10. Data drop encryption¶
Tags: “Drop Disk Encryption” “Data Encryption” “Data Security” “
Background Introduction¶
In the architecture of the alliance chain, a blockchain is built between institutions, and data is visible within each institution of the alliance chain。
In some scenarios with high data security requirements, members within the alliance do not want organizations outside the alliance to have access to data on the alliance chain。At this point, you need to access the data on the federation chain。
Access control of federated chain data, which is mainly divided into two aspects
Access control of communication data on the chain
Access Control of Node Storage Data
For access control of on-chain communication data, FISCO BCOS is done through node certificates and SSL。The main focus here is on access control for node storage data, i.e., on-disk encryption。
main idea¶
Falling disk encryption is performed inside the institution。In the organization’s intranet environment, each organization independently encrypts the hard drive data of the node。When the hard disk of the machine where the node is located is taken away from the organization and the node is started on a network outside the organization’s intranet, the hard disk data cannot be decrypted and the node cannot be started。And then can’t steal the data on the alliance chain。
Programme architecture¶
Drop-disk encryption is performed within the organization, and each organization independently manages the security of its own hard drive data。In the intranet, the hard drive data of each node is encrypted。Access to all encrypted data, managed through Key Manager。Key Manager is a service deployed in an organization’s intranet to manage node hard disk data access keys。When a node in the intranet is started, it obtains the access key for the encrypted data from the Key Manager to access its own encrypted data。

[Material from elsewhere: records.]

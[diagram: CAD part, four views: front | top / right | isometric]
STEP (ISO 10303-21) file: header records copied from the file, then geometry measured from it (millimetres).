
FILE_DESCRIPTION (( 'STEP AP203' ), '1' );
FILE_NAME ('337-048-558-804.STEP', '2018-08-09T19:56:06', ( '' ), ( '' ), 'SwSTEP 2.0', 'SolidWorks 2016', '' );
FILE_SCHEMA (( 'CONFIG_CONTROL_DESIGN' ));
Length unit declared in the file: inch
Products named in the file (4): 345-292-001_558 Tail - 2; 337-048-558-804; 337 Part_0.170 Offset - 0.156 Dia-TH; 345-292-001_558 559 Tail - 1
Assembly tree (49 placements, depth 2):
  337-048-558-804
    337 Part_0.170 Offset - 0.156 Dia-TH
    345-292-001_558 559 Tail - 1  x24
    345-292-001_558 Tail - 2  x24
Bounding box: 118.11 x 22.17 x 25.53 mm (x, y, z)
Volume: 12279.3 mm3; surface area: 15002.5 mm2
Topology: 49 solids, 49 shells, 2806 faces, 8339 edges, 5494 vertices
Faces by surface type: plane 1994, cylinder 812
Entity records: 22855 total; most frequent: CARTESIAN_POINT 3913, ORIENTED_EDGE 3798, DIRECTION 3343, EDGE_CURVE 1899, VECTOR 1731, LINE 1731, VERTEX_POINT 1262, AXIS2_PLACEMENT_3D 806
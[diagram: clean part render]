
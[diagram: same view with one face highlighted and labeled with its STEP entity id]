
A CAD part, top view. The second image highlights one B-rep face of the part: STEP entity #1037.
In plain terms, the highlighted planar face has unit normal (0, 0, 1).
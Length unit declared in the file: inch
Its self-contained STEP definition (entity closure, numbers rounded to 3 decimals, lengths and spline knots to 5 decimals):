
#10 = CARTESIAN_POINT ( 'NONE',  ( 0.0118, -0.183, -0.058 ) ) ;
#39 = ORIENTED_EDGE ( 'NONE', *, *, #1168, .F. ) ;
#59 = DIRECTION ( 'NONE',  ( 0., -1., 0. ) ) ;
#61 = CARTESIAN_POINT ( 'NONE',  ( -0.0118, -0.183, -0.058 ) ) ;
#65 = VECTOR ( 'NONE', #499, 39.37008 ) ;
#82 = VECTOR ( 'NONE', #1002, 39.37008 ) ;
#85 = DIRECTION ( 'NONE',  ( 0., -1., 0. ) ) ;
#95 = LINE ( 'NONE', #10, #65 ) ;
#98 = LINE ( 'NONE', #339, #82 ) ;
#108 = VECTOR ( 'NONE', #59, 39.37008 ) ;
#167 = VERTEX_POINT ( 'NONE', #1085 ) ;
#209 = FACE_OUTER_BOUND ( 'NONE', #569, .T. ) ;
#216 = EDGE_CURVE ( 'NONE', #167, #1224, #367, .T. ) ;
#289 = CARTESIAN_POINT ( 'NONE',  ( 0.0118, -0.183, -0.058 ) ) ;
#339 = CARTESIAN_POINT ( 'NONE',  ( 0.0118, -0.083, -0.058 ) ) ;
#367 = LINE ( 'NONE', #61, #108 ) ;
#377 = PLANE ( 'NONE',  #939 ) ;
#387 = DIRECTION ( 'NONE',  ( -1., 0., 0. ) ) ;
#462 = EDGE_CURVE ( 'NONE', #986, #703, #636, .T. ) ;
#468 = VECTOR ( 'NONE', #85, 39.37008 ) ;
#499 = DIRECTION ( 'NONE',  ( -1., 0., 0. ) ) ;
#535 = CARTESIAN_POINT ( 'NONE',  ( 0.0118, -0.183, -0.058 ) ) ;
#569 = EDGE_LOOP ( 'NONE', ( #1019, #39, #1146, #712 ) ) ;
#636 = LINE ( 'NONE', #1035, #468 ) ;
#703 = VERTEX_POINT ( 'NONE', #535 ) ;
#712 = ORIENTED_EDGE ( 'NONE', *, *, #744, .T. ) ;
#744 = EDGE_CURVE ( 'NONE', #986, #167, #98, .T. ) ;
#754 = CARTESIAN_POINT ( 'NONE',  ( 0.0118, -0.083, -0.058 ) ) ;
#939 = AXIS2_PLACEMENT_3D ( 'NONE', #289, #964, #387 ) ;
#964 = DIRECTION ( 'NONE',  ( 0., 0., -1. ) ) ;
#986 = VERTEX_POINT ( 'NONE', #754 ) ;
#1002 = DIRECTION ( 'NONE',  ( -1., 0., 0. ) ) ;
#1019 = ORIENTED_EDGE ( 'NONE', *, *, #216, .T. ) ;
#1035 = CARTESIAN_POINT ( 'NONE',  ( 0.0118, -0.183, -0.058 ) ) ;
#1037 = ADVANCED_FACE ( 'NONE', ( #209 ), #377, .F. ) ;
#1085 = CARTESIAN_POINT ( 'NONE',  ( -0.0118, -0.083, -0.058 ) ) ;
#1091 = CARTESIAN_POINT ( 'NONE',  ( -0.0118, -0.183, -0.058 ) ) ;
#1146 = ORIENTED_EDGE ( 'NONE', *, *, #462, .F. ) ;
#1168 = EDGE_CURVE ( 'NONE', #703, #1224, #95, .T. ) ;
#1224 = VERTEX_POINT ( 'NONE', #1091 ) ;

Cryptographically protected objects include:
Database stored locally on the node: rocksdb
Node private key: ssl.key & node.pem (non-state secret), sm _ ssl.key & sm _ enssl.key & node.pem (state secret)
concrete realization¶
The specific implementation process is accomplished through the dataKey held by the node itself and the global superKey managed by the Key Manager。
Node
The node uses its own dataKey to encrypt and decrypt the data (Encrypted Space) it manages。
The node itself does not store the dataKey on the local disk, but stores the encrypted cipherDataKey of the dataKey。
When the node is started, request the cipherDataKey from the Key Manager to obtain the dataKey。
The dataKey is only in the node’s memory. When the node is closed, the dataKey is automatically discarded。
Key Manager
Holds the global superKey, which is responsible for responding to authorization requests when all nodes are started, authorizing。
Key Manager must be online in real time to respond to node startup requests。
When the node is started, the cipherDataKey is sent. The key manager decrypts the cipherDataKey with the superKey. If the decryption is successful, the node’s dataK is returned to the node。
The key manager can only be accessed from the intranet. The key manager cannot be accessed from the intranet within the organization
Program Process¶
The scheme process is divided into node initial configuration and node safe operation。
node initial configuration¶
Before starting a node, you must configure a dataKey for the node
Important
After the node is generated and before starting, you must decide whether to use disk encryption. Once the node is configured successfully and started normally, it will not be able to switch states。
(1) The administrator defines the dataKey of the node, sends the dataKey to the Key Manager, and obtains the cipherDataKey from the Key Manager。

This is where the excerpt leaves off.